The meaning of $\rightsquigarrow$ in math? In order to write a scientific paper, I would like to use the symbol

\rightsquigarrow or \leadsto

which look as: $\rightsquigarrow$ or $\leadsto$
I'm wondering about the usual meaning and use of this symbol.
Thanks in advance.
 A: The semantic meaning of $\leadsto$ is literally "leads to". Some possible uses


*

*In solving a problem, it denotes "the next step is". For example, sometimes people write 
$$ (x - a)(x-c) = 0 \implies x-a = 0 $$
which is technically false. It makes a bit more sense to say that 
$$ (x-a)(x-c) = 0 \leadsto x-a = 0 $$
when elsewhere it has already been shown that $x-c \neq 0$. (Strictly speaking using \implies you need to write
$$ (x-c)\neq 0 \wedge (x-a)(x-c) = 0 \implies x-a = 0 $$
to be correct.)

*When describing an algorithm, the $\leadsto$ symbol is sometimes used to denote the next step, or the next transformation. For example, describing bubble sort I may write
$$ \underline{1,3},4,2 \leadsto 1,\underline{3,4},2 \leadsto 1,3,\underline{4,2} \leadsto \underline{1,3},2,\fbox{4} \leadsto 1,\underline{3,2},\fbox{4} \leadsto \underline{1,2},\fbox{3},\fbox{4} \leadsto \fbox{1},\fbox{2},\fbox{3},\fbox{4} $$

*Some logicians have very specific meanings attached to this symbol. Unfortunately my familiarity with respect to such is only "I've seen it in a book." 

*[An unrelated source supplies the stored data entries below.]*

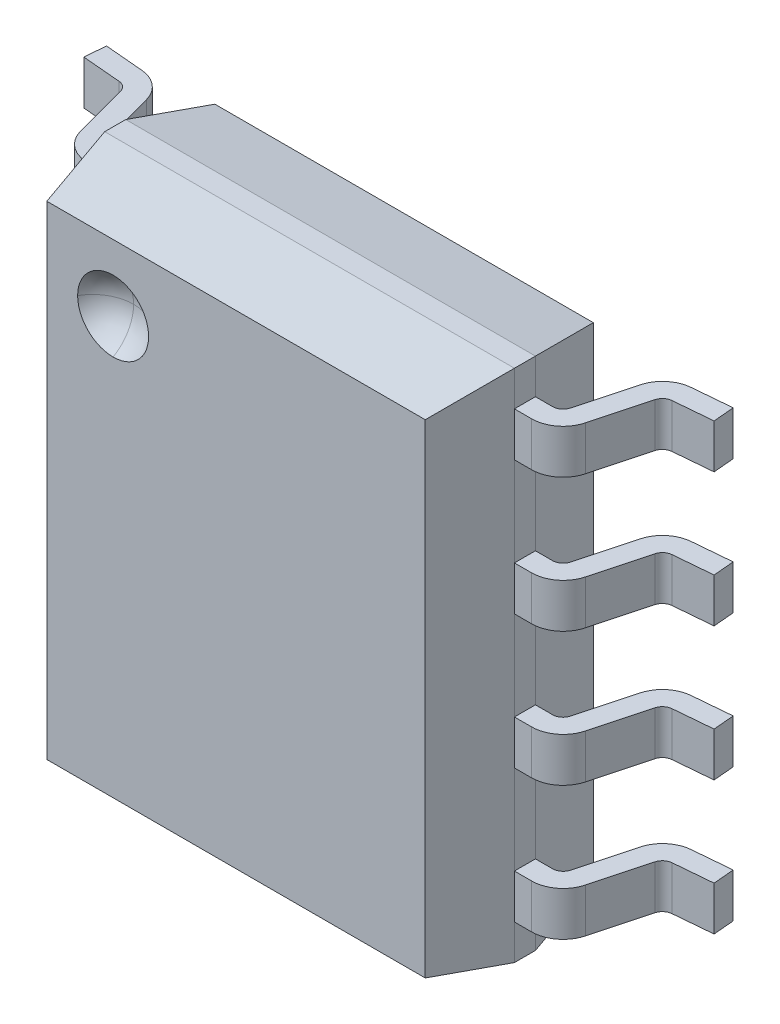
ISO-10303-21;
HEADER;
FILE_DESCRIPTION(('STEP AP214'),'2;1');
FILE_NAME('part.step','',(''),(''),'','','');
FILE_SCHEMA(('AUTOMOTIVE_DESIGN { 1 0 10303 214 1 1 1 1 }'));
ENDSEC;
DATA;
#1=APPLICATION_CONTEXT('core data for automotive mechanical design processes');
#2=APPLICATION_PROTOCOL_DEFINITION('international standard','automotive_design',2000,#1);
#3=PRODUCT_CONTEXT('',#1,'mechanical');
#4=PRODUCT('Part','Part','',(#3));
#5=PRODUCT_RELATED_PRODUCT_CATEGORY('part','',(#4));
#6=PRODUCT_DEFINITION_FORMATION('','',#4);
#7=PRODUCT_DEFINITION_CONTEXT('part definition',#1,'design');
#8=PRODUCT_DEFINITION('design','',#6,#7);
#9=PRODUCT_DEFINITION_SHAPE('','',#8);
#10=(LENGTH_UNIT() NAMED_UNIT(*) SI_UNIT(.MILLI.,.METRE.));
#11=(NAMED_UNIT(*) PLANE_ANGLE_UNIT() SI_UNIT($,.RADIAN.));
#12=(NAMED_UNIT(*) SI_UNIT($,.STERADIAN.) SOLID_ANGLE_UNIT());
#13=UNCERTAINTY_MEASURE_WITH_UNIT(LENGTH_MEASURE(1.E-05),#10,'distance_accuracy_value','');
#14=(GEOMETRIC_REPRESENTATION_CONTEXT(3) GLOBAL_UNCERTAINTY_ASSIGNED_CONTEXT((#13)) GLOBAL_UNIT_ASSIGNED_CONTEXT((#10,
#11,#12)) REPRESENTATION_CONTEXT('',''));
#15=CARTESIAN_POINT('',(0.,0.,0.));
#16=DIRECTION('',(0.,0.,1.));
#17=DIRECTION('',(1.,0.,0.));
#18=AXIS2_PLACEMENT_3D('',#15,#16,#17);
#19=CARTESIAN_POINT('',(6.83,15.57,1.945));
#20=DIRECTION('',(0.,-1.,0.));
#21=DIRECTION('',(0.,0.,1.));
#22=AXIS2_PLACEMENT_3D('',#19,#20,#21);
#23=SPHERICAL_SURFACE('',#22,0.39);
#24=CARTESIAN_POINT('',(6.83,15.57,1.945));
#25=DIRECTION('',(-1.,0.,0.));
#26=DIRECTION('',(0.,0.,1.));
#27=AXIS2_PLACEMENT_3D('',#24,#25,#26);
#28=CIRCLE('',#27,0.39);
#29=CARTESIAN_POINT('',(6.83,15.57,1.555));
#30=VERTEX_POINT('',#29);
#31=CARTESIAN_POINT('',(6.83,15.2322500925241,1.75));
#32=VERTEX_POINT('',#31);
#33=EDGE_CURVE('E2192',#30,#32,#28,.T.);
#34=ORIENTED_EDGE('',*,*,#33,.T.);
#35=CARTESIAN_POINT('',(6.83,15.57,1.75));
#36=DIRECTION('',(0.,0.,1.));
#37=DIRECTION('',(0.,1.,0.));
#38=AXIS2_PLACEMENT_3D('',#35,#36,#37);
#39=CIRCLE('',#38,0.337749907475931);
#40=CARTESIAN_POINT('',(7.16774990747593,15.57,1.75));
#41=VERTEX_POINT('',#40);
#42=EDGE_CURVE('E1761',#32,#41,#39,.T.);
#43=ORIENTED_EDGE('',*,*,#42,.T.);
#44=CARTESIAN_POINT('',(6.83,15.57,1.945));
#45=DIRECTION('',(0.,-1.,0.));
#46=DIRECTION('',(0.,0.,-1.));
#47=AXIS2_PLACEMENT_3D('',#44,#45,#46);
#48=CIRCLE('',#47,0.39);
#49=EDGE_CURVE('E2161',#30,#41,#48,.T.);
#50=ORIENTED_EDGE('',*,*,#49,.F.);
#51=EDGE_LOOP('',(#34,#43,#50));
#52=FACE_BOUND('',#51,.T.);
#53=ADVANCED_FACE('F18',(#52),#23,.F.);
#54=CARTESIAN_POINT('',(5.01743114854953,11.785,0.));
#55=DIRECTION('',(0.996194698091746,0.,0.0871557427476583));
#56=DIRECTION('',(0.,-1.,0.));
#57=AXIS2_PLACEMENT_3D('',#54,#55,#56);
#58=PLANE('',#57);
#59=DIRECTION('',(0.0871557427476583,0.,-0.996194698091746));
#60=VECTOR('',#59,1.);
#61=CARTESIAN_POINT('',(5.01743114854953,12.205,0.));
#62=LINE('',#61,#60);
#63=CARTESIAN_POINT('',(5.,12.205,0.199238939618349));
#64=VERTEX_POINT('',#63);
#65=CARTESIAN_POINT('',(5.01743114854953,12.205,0.));
#66=VERTEX_POINT('',#65);
#67=EDGE_CURVE('E1558',#64,#66,#62,.T.);
#68=ORIENTED_EDGE('',*,*,#67,.T.);
#69=DIRECTION('',(0.,1.,0.));
#70=VECTOR('',#69,1.);
#71=CARTESIAN_POINT('',(5.01743114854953,11.785,0.));
#72=LINE('',#71,#70);
#73=CARTESIAN_POINT('',(5.01743114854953,11.785,0.));
#74=VERTEX_POINT('',#73);
#75=EDGE_CURVE('E1027',#74,#66,#72,.T.);
#76=ORIENTED_EDGE('',*,*,#75,.F.);
#77=DIRECTION('',(0.0871557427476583,0.,-0.996194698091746));
#78=VECTOR('',#77,1.);
#79=CARTESIAN_POINT('',(5.01743114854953,11.785,0.));
#80=LINE('',#79,#78);
#81=CARTESIAN_POINT('',(5.,11.785,0.199238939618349));
#82=VERTEX_POINT('',#81);
#83=EDGE_CURVE('E1634',#82,#74,#80,.T.);
#84=ORIENTED_EDGE('',*,*,#83,.F.);
#85=DIRECTION('',(0.,1.,0.));
#86=VECTOR('',#85,1.);
#87=CARTESIAN_POINT('',(5.,11.785,0.199238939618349));
#88=LINE('',#87,#86);
#89=EDGE_CURVE('E11',#82,#64,#88,.T.);
#90=ORIENTED_EDGE('',*,*,#89,.T.);
#91=EDGE_LOOP('',(#68,#76,#84,#90));
#92=FACE_BOUND('',#91,.T.);
#93=ADVANCED_FACE('F1718',(#92),#58,.F.);
#94=CARTESIAN_POINT('',(5.,11.785,0.199238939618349));
#95=DIRECTION('',(0.0871557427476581,0.,-0.996194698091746));
#96=DIRECTION('',(0.,-1.,0.));
#97=AXIS2_PLACEMENT_3D('',#94,#95,#96);
#98=PLANE('',#97);
#99=DIRECTION('',(-0.996194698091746,0.,-0.0871557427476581));
#100=VECTOR('',#99,1.);
#101=CARTESIAN_POINT('',(5.,12.205,0.199238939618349));
#102=LINE('',#101,#100);
#103=CARTESIAN_POINT('',(5.36893782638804,12.205,0.231516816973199));
#104=VERTEX_POINT('',#103);
#105=EDGE_CURVE('E1553',#104,#64,#102,.T.);
#106=ORIENTED_EDGE('',*,*,#105,.T.);
#107=ORIENTED_EDGE('',*,*,#89,.F.);
#108=DIRECTION('',(-0.996194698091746,0.,-0.0871557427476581));
#109=VECTOR('',#108,1.);
#110=CARTESIAN_POINT('',(5.,11.785,0.199238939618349));
#111=LINE('',#110,#109);
#112=CARTESIAN_POINT('',(5.36893782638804,11.785,0.231516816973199));
#113=VERTEX_POINT('',#112);
#114=EDGE_CURVE('E1630',#113,#82,#111,.T.);
#115=ORIENTED_EDGE('',*,*,#114,.F.);
#116=DIRECTION('',(0.,1.,0.));
#117=VECTOR('',#116,1.);
#118=CARTESIAN_POINT('',(5.36893782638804,11.785,0.231516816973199));
#119=LINE('',#118,#117);
#120=EDGE_CURVE('E26',#113,#104,#119,.T.);
#121=ORIENTED_EDGE('',*,*,#120,.T.);
#122=EDGE_LOOP('',(#106,#107,#115,#121));
#123=FACE_BOUND('',#122,.T.);
#124=ADVANCED_FACE('F1707',(#123),#98,.F.);
#125=CARTESIAN_POINT('',(5.36022225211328,11.785,0.331136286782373));
#126=DIRECTION('',(0.,-1.,0.));
#127=DIRECTION('',(0.,0.,1.));
#128=AXIS2_PLACEMENT_3D('',#125,#126,#127);
#129=CYLINDRICAL_SURFACE('',#128,0.1);
#130=CARTESIAN_POINT('',(5.36022225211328,12.205,0.331136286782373));
#131=DIRECTION('',(0.,1.,0.));
#132=DIRECTION('',(0.,0.,-1.));
#133=AXIS2_PLACEMENT_3D('',#130,#131,#132);
#134=CIRCLE('',#133,0.1);
#135=CARTESIAN_POINT('',(5.45681483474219,12.205,0.305254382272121));
#136=VERTEX_POINT('',#135);
#137=EDGE_CURVE('E1557',#136,#104,#134,.T.);
#138=ORIENTED_EDGE('',*,*,#137,.T.);
#139=ORIENTED_EDGE('',*,*,#120,.F.);
#140=CARTESIAN_POINT('',(5.36022225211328,11.785,0.331136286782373));
#141=DIRECTION('',(0.,1.,0.));
#142=DIRECTION('',(0.,0.,-1.));
#143=AXIS2_PLACEMENT_3D('',#140,#141,#142);
#144=CIRCLE('',#143,0.1);
#145=CARTESIAN_POINT('',(5.45681483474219,11.785,0.305254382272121));
#146=VERTEX_POINT('',#145);
#147=EDGE_CURVE('E1626',#146,#113,#144,.T.);
#148=ORIENTED_EDGE('',*,*,#147,.F.);
#149=DIRECTION('',(0.,1.,0.));
#150=VECTOR('',#149,1.);
#151=CARTESIAN_POINT('',(5.45681483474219,11.785,0.305254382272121));
#152=LINE('',#151,#150);
#153=EDGE_CURVE('E50',#146,#136,#152,.T.);
#154=ORIENTED_EDGE('',*,*,#153,.T.);
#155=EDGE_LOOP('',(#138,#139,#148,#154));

But the symbol is often also co-opted for other meanings as well. As long as this symbol does not appear frequently in your field, you'll probably be okay if you just clearly define it to mean a certain thing in the beginning of your article and use it consistently. 
A: In topology, especially when used in algebraic geometry, $\leadsto$ means "to specialize to". We write $x_1\leadsto x_0$, where $x_0,x_1$ are two points of a topological space, if $x_0\in\overline{\{x_1\}}$, that is, every open neighbhourhood of $x_0$ contains $x_1$.